Mr Morison, of Castle Morison, was one of those spoiled children of fortune, whom in her cruel kindness she renders miserable. He had never known contradiction, and a straw across his path made him chafe like a resisted torrent; he had never known sorrow, and was, consequently, but half acquainted with joy; he was a stranger to compassion, and consequently himself an object of pity to all who could allow for the force of early education in searing and hardening the human heart. He had, as a boy, made his mother tremble; it is little to be wondered that in manhood he was the tyrant of his wife and children. Mrs Morison’s spirit, originally gentle, was soon broken; and if her heart was not equally so, it was because she learned reluctantly to despise her tyrant, and found compensation in the double portion of affection bestowed on her by her son and daughters. For the latter, Mr Morison manifested only contempt. There was not a horse in his stable, nor a dog in his kennel, which did not engross more of his attention; but like the foxes and hares which it was the business of these favourite animals to hunt down, girls could be made to afford no bad sport in a rainy day. It was no wonder, that with them fear usurped the place of reverence for such a parent. If they did not hate him, they were indebted to their mother’s piety and their own sweet dispositions; and if they neither hated nor envied their only brother, it was not the fault of him, who, by injudicious distinctions and blind indulgence, laid the foundation for envy and all uncharitableness in their youthful bosoms. In that of his favourite, they had the usual effect of generating self-will and rebellion; and while Jane and Agnes, well knowing nothing they did would be thought right, rarely erred from the path of duty, Edmund, aware that he could scarce do wrong, took care his privileges should not rust for want of exercise.

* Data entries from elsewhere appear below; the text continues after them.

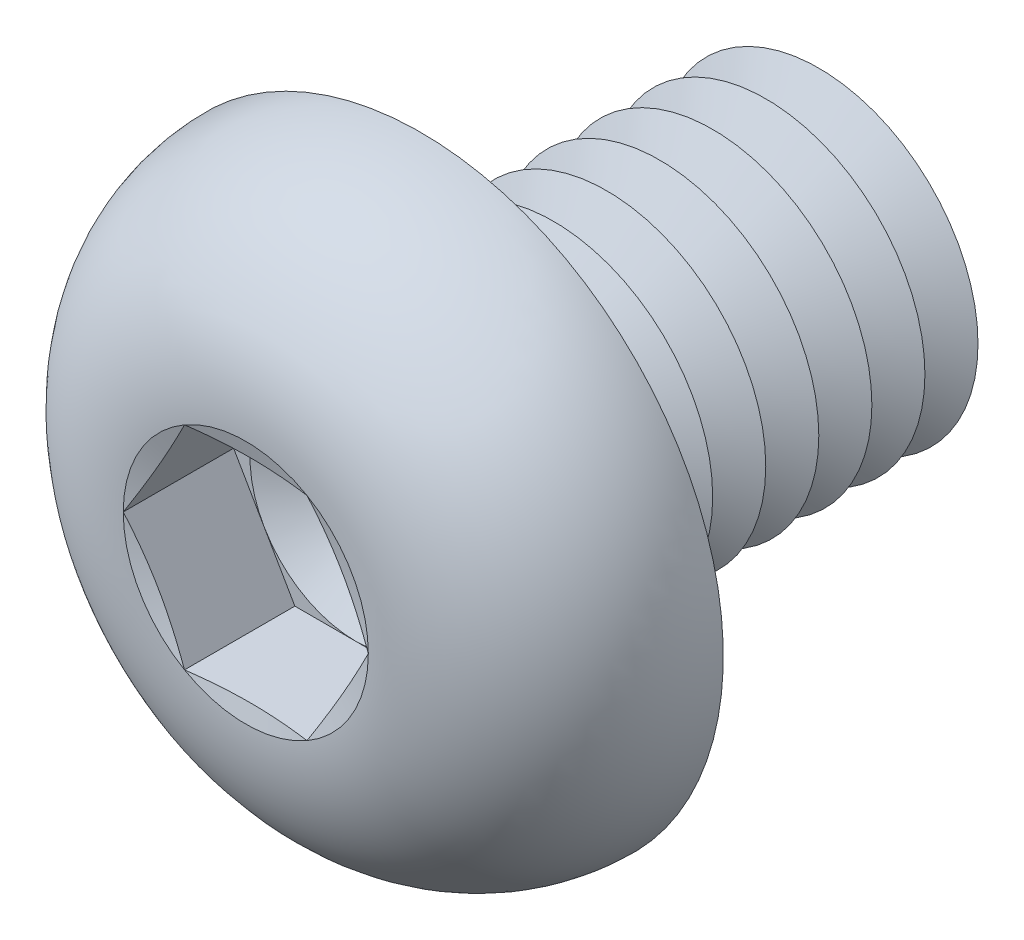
ISO-10303-21;
HEADER;
FILE_DESCRIPTION(('STEP AP214'),'2;1');
FILE_NAME('part.step','',(''),(''),'','','');
FILE_SCHEMA(('AUTOMOTIVE_DESIGN { 1 0 10303 214 1 1 1 1 }'));
ENDSEC;
DATA;
#1=APPLICATION_CONTEXT('core data for automotive mechanical design processes');
#2=APPLICATION_PROTOCOL_DEFINITION('international standard','automotive_design',2000,#1);
#3=PRODUCT_CONTEXT('',#1,'mechanical');
#4=PRODUCT('Part','Part','',(#3));
#5=PRODUCT_RELATED_PRODUCT_CATEGORY('part','',(#4));
#6=PRODUCT_DEFINITION_FORMATION('','',#4);
#7=PRODUCT_DEFINITION_CONTEXT('part definition',#1,'design');
#8=PRODUCT_DEFINITION('design','',#6,#7);
#9=PRODUCT_DEFINITION_SHAPE('','',#8);
#10=(LENGTH_UNIT() NAMED_UNIT(*) SI_UNIT(.MILLI.,.METRE.));
#11=(NAMED_UNIT(*) PLANE_ANGLE_UNIT() SI_UNIT($,.RADIAN.));
#12=(NAMED_UNIT(*) SI_UNIT($,.STERADIAN.) SOLID_ANGLE_UNIT());
#13=UNCERTAINTY_MEASURE_WITH_UNIT(LENGTH_MEASURE(1.E-05),#10,'distance_accuracy_value','');
#14=(GEOMETRIC_REPRESENTATION_CONTEXT(3) GLOBAL_UNCERTAINTY_ASSIGNED_CONTEXT((#13)) GLOBAL_UNIT_ASSIGNED_CONTEXT((#10,
#11,#12)) REPRESENTATION_CONTEXT('',''));
#15=CARTESIAN_POINT('',(0.,0.,0.));
#16=DIRECTION('',(0.,0.,1.));
#17=DIRECTION('',(1.,0.,0.));
#18=AXIS2_PLACEMENT_3D('',#15,#16,#17);
#19=CARTESIAN_POINT('',(0.,0.,0.609999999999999));
#20=DIRECTION('',(0.,0.,1.));
#21=DIRECTION('',(1.,0.,0.));
#22=AXIS2_PLACEMENT_3D('',#19,#20,#21);
#23=PLANE('',#22);
#24=CARTESIAN_POINT('',(0.,0.,0.609999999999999));
#25=DIRECTION('',(0.,0.,1.));
#26=DIRECTION('',(1.,0.,0.));
#27=AXIS2_PLACEMENT_3D('',#24,#25,#26);
#28=CIRCLE('',#27,0.999999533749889);
#29=CARTESIAN_POINT('',(0.866024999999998,0.499999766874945,0.609999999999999));
#30=VERTEX_POINT('',#29);
#31=CARTESIAN_POINT('',(0.,0.999999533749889,0.609999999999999));
#32=VERTEX_POINT('',#31);
#33=EDGE_CURVE('E118',#30,#32,#28,.T.);
#34=ORIENTED_EDGE('',*,*,#33,.F.);
#35=DIRECTION('',(-0.500000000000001,0.866025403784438,0.));
#36=VECTOR('',#35,1.);
#37=CARTESIAN_POINT('',(1.1547,0.,0.609999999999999));
#38=LINE('',#37,#36);
#39=CARTESIAN_POINT('',(0.577349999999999,0.999999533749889,0.609999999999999));
#40=VERTEX_POINT('',#39);
#41=EDGE_CURVE('E125',#30,#40,#38,.T.);
#42=ORIENTED_EDGE('',*,*,#41,.T.);
#43=DIRECTION('',(-1.,0.,0.));
#44=VECTOR('',#43,1.);
#45=CARTESIAN_POINT('',(0.577349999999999,0.999999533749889,0.609999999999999));
#46=LINE('',#45,#44);
#47=EDGE_CURVE('E136',#40,#32,#46,.T.);
#48=ORIENTED_EDGE('',*,*,#47,.T.);
#49=EDGE_LOOP('',(#34,#42,#48));
#50=FACE_BOUND('',#49,.T.);
#51=ADVANCED_FACE('F39',(#50),#23,.T.);
#52=CARTESIAN_POINT('',(0.,0.,0.609999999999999));
#53=DIRECTION('',(0.,0.,1.));
#54=DIRECTION('',(1.,0.,0.));
#55=AXIS2_PLACEMENT_3D('',#52,#53,#54);
#56=CIRCLE('',#55,0.999999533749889);
#57=CARTESIAN_POINT('',(-0.866024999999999,0.499999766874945,0.609999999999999));
#58=VERTEX_POINT('',#57);
#59=EDGE_CURVE('E11',#32,#58,#56,.T.);
#60=ORIENTED_EDGE('',*,*,#59,.F.);
#61=CARTESIAN_POINT('',(-0.577350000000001,0.999999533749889,0.609999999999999));
#62=VERTEX_POINT('',#61);
#63=EDGE_CURVE('E131',#32,#62,#46,.T.);
#64=ORIENTED_EDGE('',*,*,#63,.T.);
#65=DIRECTION('',(-0.5,-0.866025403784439,0.));
#66=VECTOR('',#65,1.);
#67=CARTESIAN_POINT('',(-0.577350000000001,0.999999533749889,0.609999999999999));
#68=LINE('',#67,#66);
#69=EDGE_CURVE('E134',#62,#58,#68,.T.);
#70=ORIENTED_EDGE('',*,*,#69,.T.);
#71=EDGE_LOOP('',(#60,#64,#70));
#72=FACE_BOUND('',#71,.T.);
#73=ADVANCED_FACE('F130',(#72),#23,.T.);
#74=CARTESIAN_POINT('',(-0.866024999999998,-0.499999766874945,0.609999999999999));
#75=VERTEX_POINT('',#74);
#76=EDGE_CURVE('E49',#58,#75,#56,.T.);
#77=ORIENTED_EDGE('',*,*,#76,.F.);
#78=CARTESIAN_POINT('',(-1.1547,0.,0.609999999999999));
#79=VERTEX_POINT('',#78);
#80=EDGE_CURVE('E143',#58,#79,#68,.T.);
#81=ORIENTED_EDGE('',*,*,#80,.T.);
#82=DIRECTION('',(0.5,-0.866025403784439,0.));
#83=VECTOR('',#82,1.);
#84=CARTESIAN_POINT('',(-1.1547,0.,0.609999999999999));
#85=LINE('',#84,#83);
#86=EDGE_CURVE('E152',#79,#75,#85,.T.);
#87=ORIENTED_EDGE('',*,*,#86,.T.);
#88=EDGE_LOOP('',(#77,#81,#87));
#89=FACE_BOUND('',#88,.T.);
#90=ADVANCED_FACE('F330',(#89),#23,.T.);
#91=CARTESIAN_POINT('',(0.,-0.999999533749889,0.609999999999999));
#92=VERTEX_POINT('',#91);
#93=EDGE_CURVE('E316',#75,#92,#56,.T.);
#94=ORIENTED_EDGE('',*,*,#93,.F.);
#95=CARTESIAN_POINT('',(-0.577349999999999,-0.99999953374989,0.609999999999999));
#96=VERTEX_POINT('',#95);
#97=EDGE_CURVE('E151',#75,#96,#85,.T.);
#98=ORIENTED_EDGE('',*,*,#97,.T.);
#99=DIRECTION('',(1.,0.,0.));
#100=VECTOR('',#99,1.);
#101=CARTESIAN_POINT('',(-0.577349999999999,-0.99999953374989,0.609999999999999));
#102=LINE('',#101,#100);
#103=EDGE_CURVE('E157',#96,#92,#102,.T.);
#104=ORIENTED_EDGE('',*,*,#103,.T.);
#105=EDGE_LOOP('',(#94,#98,#104));
#106=FACE_BOUND('',#105,.T.);
#107=ADVANCED_FACE('F323',(#106),#23,.T.);
#108=CARTESIAN_POINT('',(0.866024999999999,-0.499999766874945,0.609999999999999));
#109=VERTEX_POINT('',#108);
#110=EDGE_CURVE('E56',#92,#109,#56,.T.);
#111=ORIENTED_EDGE('',*,*,#110,.F.);
#112=CARTESIAN_POINT('',(0.577349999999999,-0.99999953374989,0.609999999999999));
#113=VERTEX_POINT('',#112);
#114=EDGE_CURVE('E156',#92,#113,#102,.T.);
#115=ORIENTED_EDGE('',*,*,#114,.T.);
#116=DIRECTION('',(0.5,0.866025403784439,0.));
#117=VECTOR('',#116,1.);
#118=CARTESIAN_POINT('',(0.577349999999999,-0.99999953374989,0.609999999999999));
#119=LINE('',#118,#117);
#120=EDGE_CURVE('E162',#113,#109,#119,.T.);
#121=ORIENTED_EDGE('',*,*,#120,.T.);
#122=EDGE_LOOP('',(#111,#115,#121));
#123=FACE_BOUND('',#122,.T.);
#124=ADVANCED_FACE('F404',(#123),#23,.T.);
#125=CARTESIAN_POINT('',(0.,0.,1.65));
#126=DIRECTION('',(0.,0.,1.));
#127=DIRECTION('',(1.,0.,0.));
#128=AXIS2_PLACEMENT_3D('',#125,#126,#127);
#129=CONICAL_SURFACE('',#128,1.1547,1.30899693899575);
#130=CARTESIAN_POINT('',(1.15481547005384,-0.000199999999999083,1.65003094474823));
#131=CARTESIAN_POINT('',(1.13083002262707,0.0413440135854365,1.64359970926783));
#132=CARTESIAN_POINT('',(1.10680107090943,0.0829633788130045,1.63776108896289));
#133=CARTESIAN_POINT('',(1.05865826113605,0.166349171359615,1.62750303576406));
#134=CARTESIAN_POINT('',(1.03454437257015,0.208115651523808,1.62308418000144));
#135=CARTESIAN_POINT('',(0.986377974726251,0.291542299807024,1.61592375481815));
#136=CARTESIAN_POINT('',(0.962325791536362,0.333201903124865,1.61317364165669));
#137=CARTESIAN_POINT('',(0.914190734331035,0.416574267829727,1.60948600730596));
#138=CARTESIAN_POINT('',(0.890107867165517,0.458287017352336,1.60854813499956));
#139=CARTESIAN_POINT('',(0.841942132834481,0.541712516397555,1.60854813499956));
#140=CARTESIAN_POINT('',(0.817859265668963,0.583425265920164,1.60948600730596));
#141=CARTESIAN_POINT('',(0.769724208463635,0.666797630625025,1.61317364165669));
#142=CARTESIAN_POINT('',(0.745672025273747,0.708457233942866,1.61592375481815));
#143=CARTESIAN_POINT('',(0.697505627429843,0.791883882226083,1.62308418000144));
#144=CARTESIAN_POINT('',(0.673391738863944,0.833650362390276,1.62750303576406));
#145=CARTESIAN_POINT('',(0.625248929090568,0.917036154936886,1.63776108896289));
#146=CARTESIAN_POINT('',(0.60121997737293,0.958655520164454,1.64359970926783));
#147=CARTESIAN_POINT('',(0.577234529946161,1.00019953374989,1.65003094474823));
#148=B_SPLINE_CURVE_WITH_KNOTS('',3,(#130,#131,#132,#133,#134,#135,#136,#137,#138,#139,#140,
#141,#142,#143,#144,#145,#146,#147),.UNSPECIFIED.,.F.,.F.,(4,2,2,2,2,2,2,2,4),(0.,
0.145207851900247,0.290474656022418,0.434991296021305,0.579479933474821,0.723968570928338,
0.868485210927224,1.0137520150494,1.15895986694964),.UNSPECIFIED.);
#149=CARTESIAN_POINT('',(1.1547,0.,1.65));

But though suffered in all minor matters to follow the dictates of caprice, to laugh at his tutor, lame the horse, and break rules (to all others those of the Medes and Persians), with impunity, he found himself suddenly reined up in his headlong career by an equally capricious parent, precisely at the period when restraint was nearly forgotten, and peculiarly irksome. It was tacitly agreed by both parties, that the heir of Castle Morison could only go into the army; but while the guards or a dragoon regiment was the natural enough ambition of Edmund, Morison was suddenly seized with a fit of contradiction, which he chose to style economy, and talked of a marching regiment, with, perhaps an extra £100 per annum to the undoubted heir of nearly ten thousand a-year. Neither would yield—the one had taught, the other learned, stubbornness; and Edmund, backed by the sympathy of the world, and the clamours of his companions, told his father he had changed his mind, and was going to India with a near relation, about to proceed to Bombay in a high official character.